Just so you know straight off this post has nothing to do with any song by the same name. I guess it just seemed like an appropriate title today. It’s been one of those days (do you ever get them?) when something sets you off crying in the morning and then you basically don’t stop.
This morning it was this Facebook post that set me off. As you know my kids are in their early twenties. My son is currently in Australia and my daughter is heading off to California in a few months. Like almost every mum on the planet I’ve poured everything I could into my kids – so much love and patience and encouragement. I’ve tried to teach them and train them and prepare them for life the best I could but they don’t come with a manual do they? I’ve tried to be everything they needed me to be as a mum but I’m not perfect and I’ve made mistakes and I wonder if I’ve let them down? Do they still love me as much now that they’ve grown and they know about my imperfections?
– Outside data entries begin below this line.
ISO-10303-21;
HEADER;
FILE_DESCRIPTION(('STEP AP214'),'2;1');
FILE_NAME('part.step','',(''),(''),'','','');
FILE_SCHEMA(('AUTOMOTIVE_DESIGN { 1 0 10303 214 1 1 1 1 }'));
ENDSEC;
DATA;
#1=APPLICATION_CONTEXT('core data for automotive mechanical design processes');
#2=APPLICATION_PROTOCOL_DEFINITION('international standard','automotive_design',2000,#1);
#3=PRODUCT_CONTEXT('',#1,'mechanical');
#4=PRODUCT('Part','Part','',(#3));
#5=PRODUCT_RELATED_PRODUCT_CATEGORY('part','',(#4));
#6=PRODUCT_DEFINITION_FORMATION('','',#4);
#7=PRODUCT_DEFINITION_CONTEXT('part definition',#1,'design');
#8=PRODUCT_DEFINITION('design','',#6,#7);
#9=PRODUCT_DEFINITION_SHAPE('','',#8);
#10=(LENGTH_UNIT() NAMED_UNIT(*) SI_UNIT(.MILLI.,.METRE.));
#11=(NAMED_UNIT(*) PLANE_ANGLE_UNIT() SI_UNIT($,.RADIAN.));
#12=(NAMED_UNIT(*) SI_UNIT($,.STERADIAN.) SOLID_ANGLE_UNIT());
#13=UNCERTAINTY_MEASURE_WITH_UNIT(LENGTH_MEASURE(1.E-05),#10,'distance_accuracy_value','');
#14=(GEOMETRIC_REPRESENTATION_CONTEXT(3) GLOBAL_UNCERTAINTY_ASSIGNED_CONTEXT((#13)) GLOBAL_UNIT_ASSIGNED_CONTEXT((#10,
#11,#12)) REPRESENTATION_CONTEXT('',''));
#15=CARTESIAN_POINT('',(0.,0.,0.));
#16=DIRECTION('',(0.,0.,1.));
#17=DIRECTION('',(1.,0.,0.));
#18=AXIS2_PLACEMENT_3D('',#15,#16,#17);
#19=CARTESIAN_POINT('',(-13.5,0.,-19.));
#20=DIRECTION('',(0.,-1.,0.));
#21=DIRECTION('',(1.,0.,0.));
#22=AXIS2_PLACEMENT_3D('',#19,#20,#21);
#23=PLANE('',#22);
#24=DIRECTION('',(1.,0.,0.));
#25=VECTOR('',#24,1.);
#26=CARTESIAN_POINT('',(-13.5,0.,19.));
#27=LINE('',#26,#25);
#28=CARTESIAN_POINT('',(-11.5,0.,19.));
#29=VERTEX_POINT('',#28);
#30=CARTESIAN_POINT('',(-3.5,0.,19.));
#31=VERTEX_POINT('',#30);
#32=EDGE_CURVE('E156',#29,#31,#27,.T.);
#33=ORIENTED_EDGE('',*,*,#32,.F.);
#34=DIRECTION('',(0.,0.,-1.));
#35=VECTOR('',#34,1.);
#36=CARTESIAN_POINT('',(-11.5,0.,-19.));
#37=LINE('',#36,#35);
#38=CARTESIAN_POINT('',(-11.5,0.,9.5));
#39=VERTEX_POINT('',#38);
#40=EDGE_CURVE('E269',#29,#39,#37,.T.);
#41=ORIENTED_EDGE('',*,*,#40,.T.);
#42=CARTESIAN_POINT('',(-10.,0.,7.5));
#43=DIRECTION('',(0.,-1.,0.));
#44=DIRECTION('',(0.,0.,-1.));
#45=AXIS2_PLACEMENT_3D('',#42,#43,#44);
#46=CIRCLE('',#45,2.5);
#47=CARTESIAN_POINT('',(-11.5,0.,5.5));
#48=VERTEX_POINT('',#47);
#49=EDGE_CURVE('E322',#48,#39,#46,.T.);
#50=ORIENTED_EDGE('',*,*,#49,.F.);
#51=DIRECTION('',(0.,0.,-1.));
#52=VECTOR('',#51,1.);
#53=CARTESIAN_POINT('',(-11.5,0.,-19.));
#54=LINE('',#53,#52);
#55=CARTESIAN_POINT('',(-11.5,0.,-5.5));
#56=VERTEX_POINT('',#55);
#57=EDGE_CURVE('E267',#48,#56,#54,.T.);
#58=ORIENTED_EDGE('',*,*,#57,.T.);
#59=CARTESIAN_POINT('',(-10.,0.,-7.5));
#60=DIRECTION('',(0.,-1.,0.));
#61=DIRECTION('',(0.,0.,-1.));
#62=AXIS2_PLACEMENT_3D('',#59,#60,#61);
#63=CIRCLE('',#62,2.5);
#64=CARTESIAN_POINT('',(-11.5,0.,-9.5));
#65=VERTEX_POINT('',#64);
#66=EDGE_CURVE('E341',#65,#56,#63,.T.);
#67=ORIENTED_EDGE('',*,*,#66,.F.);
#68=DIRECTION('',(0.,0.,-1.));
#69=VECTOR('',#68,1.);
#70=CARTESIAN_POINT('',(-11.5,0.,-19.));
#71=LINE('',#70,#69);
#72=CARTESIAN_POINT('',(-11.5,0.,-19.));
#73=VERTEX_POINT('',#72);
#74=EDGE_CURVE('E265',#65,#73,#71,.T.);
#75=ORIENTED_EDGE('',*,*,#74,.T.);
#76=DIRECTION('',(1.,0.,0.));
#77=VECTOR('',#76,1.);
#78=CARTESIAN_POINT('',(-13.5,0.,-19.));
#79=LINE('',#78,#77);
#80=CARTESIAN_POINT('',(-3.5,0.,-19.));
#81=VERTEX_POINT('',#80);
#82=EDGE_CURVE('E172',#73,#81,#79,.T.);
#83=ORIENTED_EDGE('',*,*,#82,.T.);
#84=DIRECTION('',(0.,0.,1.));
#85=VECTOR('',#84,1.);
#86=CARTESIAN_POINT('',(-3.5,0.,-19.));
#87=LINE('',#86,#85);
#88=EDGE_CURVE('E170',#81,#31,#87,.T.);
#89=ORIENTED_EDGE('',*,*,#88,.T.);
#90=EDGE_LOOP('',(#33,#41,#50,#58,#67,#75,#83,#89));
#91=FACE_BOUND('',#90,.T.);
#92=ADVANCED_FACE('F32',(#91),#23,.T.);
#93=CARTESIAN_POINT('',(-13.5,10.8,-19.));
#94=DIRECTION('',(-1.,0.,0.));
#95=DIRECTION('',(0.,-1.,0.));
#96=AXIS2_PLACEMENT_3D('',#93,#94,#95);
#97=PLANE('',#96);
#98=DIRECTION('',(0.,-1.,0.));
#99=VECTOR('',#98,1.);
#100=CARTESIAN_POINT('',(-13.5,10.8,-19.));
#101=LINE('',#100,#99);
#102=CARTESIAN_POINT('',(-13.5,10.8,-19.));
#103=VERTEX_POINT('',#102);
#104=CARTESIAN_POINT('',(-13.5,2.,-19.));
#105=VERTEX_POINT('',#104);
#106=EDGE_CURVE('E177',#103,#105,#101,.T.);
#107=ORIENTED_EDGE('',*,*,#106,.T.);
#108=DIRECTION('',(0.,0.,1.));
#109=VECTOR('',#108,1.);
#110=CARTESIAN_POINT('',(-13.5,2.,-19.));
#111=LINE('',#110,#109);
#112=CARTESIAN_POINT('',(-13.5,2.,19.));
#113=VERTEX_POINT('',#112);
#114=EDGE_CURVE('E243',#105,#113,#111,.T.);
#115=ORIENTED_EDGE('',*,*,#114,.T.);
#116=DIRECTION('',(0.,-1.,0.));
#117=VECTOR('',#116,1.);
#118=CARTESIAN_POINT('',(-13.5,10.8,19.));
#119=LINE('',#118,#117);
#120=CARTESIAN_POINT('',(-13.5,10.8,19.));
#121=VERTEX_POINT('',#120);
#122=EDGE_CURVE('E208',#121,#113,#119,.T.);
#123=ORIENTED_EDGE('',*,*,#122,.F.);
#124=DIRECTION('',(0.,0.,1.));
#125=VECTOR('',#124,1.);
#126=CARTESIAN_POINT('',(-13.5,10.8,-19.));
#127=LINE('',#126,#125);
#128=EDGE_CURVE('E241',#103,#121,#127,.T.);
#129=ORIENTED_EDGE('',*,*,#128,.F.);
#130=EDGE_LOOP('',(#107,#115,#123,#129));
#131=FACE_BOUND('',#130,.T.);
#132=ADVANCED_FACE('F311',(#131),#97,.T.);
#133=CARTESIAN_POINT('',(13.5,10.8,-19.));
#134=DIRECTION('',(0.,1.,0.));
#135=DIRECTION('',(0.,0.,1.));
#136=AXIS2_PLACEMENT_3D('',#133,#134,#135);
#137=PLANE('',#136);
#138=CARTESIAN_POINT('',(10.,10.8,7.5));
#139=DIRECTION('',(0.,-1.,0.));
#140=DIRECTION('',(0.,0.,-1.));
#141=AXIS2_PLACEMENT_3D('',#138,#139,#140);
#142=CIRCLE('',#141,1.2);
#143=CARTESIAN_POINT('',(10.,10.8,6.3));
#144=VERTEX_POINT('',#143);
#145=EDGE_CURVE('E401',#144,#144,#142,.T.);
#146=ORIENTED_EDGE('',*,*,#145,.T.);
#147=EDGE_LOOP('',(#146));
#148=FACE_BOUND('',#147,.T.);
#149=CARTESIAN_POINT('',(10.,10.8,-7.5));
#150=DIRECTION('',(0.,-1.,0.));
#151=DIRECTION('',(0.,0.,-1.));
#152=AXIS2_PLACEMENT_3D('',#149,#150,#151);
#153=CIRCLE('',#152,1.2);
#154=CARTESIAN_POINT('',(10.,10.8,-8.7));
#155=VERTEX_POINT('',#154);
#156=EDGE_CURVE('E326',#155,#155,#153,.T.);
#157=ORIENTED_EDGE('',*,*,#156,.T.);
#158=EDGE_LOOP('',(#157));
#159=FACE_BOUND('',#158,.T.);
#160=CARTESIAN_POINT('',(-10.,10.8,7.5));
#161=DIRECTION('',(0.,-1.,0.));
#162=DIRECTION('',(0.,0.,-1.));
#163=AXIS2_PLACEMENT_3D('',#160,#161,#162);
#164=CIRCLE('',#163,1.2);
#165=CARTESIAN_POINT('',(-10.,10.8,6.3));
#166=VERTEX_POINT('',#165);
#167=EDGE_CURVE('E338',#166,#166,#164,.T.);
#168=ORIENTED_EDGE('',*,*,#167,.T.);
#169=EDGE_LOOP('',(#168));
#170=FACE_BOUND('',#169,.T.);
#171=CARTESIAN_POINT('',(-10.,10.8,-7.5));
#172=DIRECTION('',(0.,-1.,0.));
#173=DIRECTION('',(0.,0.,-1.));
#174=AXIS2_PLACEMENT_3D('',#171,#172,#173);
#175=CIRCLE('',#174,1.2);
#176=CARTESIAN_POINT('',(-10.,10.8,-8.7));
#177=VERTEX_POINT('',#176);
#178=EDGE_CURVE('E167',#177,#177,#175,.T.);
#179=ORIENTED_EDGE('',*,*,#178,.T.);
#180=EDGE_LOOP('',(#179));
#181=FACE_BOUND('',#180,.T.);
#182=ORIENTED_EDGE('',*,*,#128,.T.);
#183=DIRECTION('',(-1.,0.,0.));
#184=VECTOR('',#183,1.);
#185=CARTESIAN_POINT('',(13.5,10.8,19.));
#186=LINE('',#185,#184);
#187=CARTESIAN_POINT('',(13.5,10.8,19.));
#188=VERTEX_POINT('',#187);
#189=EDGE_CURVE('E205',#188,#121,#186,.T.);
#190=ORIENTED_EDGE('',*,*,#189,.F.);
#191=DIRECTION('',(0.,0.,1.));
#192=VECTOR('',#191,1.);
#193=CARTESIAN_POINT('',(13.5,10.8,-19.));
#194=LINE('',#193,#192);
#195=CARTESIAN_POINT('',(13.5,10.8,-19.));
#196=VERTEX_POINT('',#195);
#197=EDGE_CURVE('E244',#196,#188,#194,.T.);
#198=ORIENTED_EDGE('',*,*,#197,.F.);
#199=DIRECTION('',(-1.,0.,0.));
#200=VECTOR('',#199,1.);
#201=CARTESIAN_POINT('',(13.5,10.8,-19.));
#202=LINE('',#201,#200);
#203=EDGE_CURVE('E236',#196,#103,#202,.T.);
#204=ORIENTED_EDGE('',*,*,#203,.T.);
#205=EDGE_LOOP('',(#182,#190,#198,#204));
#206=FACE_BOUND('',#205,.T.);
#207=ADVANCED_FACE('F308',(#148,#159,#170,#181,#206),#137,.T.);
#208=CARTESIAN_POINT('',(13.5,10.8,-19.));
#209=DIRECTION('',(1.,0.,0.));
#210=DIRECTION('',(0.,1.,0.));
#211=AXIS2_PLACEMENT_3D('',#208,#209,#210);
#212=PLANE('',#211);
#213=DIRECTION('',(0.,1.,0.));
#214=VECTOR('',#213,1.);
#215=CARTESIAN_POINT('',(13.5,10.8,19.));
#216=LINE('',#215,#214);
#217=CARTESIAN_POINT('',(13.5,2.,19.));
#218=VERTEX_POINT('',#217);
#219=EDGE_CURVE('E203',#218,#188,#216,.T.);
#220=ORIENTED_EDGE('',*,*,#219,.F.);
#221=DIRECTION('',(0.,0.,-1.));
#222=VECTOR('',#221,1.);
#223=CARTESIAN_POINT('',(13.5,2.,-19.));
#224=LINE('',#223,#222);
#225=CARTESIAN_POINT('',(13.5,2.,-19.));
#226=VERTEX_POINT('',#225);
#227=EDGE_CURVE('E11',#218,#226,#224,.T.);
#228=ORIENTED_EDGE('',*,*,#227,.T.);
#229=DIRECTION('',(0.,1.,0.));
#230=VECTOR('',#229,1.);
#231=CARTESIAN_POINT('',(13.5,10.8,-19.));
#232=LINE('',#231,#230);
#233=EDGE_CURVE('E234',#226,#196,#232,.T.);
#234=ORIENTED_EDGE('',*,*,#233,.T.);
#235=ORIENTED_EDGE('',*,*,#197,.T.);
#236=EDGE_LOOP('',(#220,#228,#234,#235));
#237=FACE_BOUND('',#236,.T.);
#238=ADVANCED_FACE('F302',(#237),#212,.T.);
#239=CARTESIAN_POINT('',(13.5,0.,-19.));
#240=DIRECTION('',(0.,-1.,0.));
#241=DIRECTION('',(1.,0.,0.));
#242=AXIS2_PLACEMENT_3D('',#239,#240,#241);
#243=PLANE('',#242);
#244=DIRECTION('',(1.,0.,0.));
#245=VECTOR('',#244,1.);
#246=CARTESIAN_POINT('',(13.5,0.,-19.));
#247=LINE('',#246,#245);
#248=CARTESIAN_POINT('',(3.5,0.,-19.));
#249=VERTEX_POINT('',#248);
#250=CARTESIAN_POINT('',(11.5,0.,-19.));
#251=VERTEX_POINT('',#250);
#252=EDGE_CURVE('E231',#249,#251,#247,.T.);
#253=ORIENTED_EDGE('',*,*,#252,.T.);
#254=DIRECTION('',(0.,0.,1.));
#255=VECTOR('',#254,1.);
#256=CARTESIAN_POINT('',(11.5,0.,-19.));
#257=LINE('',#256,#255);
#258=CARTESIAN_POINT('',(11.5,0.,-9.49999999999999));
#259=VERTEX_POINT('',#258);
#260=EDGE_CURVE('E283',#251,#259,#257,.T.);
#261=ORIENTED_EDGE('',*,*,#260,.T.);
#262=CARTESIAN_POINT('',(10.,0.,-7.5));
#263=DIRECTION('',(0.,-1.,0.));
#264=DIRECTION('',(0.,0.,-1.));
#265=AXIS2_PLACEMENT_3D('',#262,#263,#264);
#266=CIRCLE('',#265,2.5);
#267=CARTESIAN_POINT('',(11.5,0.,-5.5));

I didn’t understand ’empty nest syndrome’ when my kids were younger. I guess I always thought it would be nice to have your freedom back again and be able to do whatever you want without having to worry about looking after little ones. When the reality starts to hit though it’s pretty different. You realise that you’re not the same person you were before you had kids. Maybe your other half isn’t the same person either. You need to figure out what you like and what you want in life all over again. The house is too quiet and your friends are busy with their own lives. You have responsibilities like jobs and bills that restrict the freedom you dreamed of having once the kids were grown. I guess for me raising my kids was always the most important job I had even though I was only a stay at home mum until they started school. So maybe it’s also about an adjustment in how I think of myself.
I’m not quite at the empty nest stage yet but it’s definitely becoming more real and looking like the reality is getting much closer. I guess I’m beginning to process it now in the hope that I’ll be properly ready for it when it actually happens. To all the other mums and dads out there who don’t see as much of your kids as you’d like and wish you’d made more of the time you had, I feel your pain (if only a little bit of it right now). Change is the only constant in life as they say. Just gotta learn to deal with it I suppose.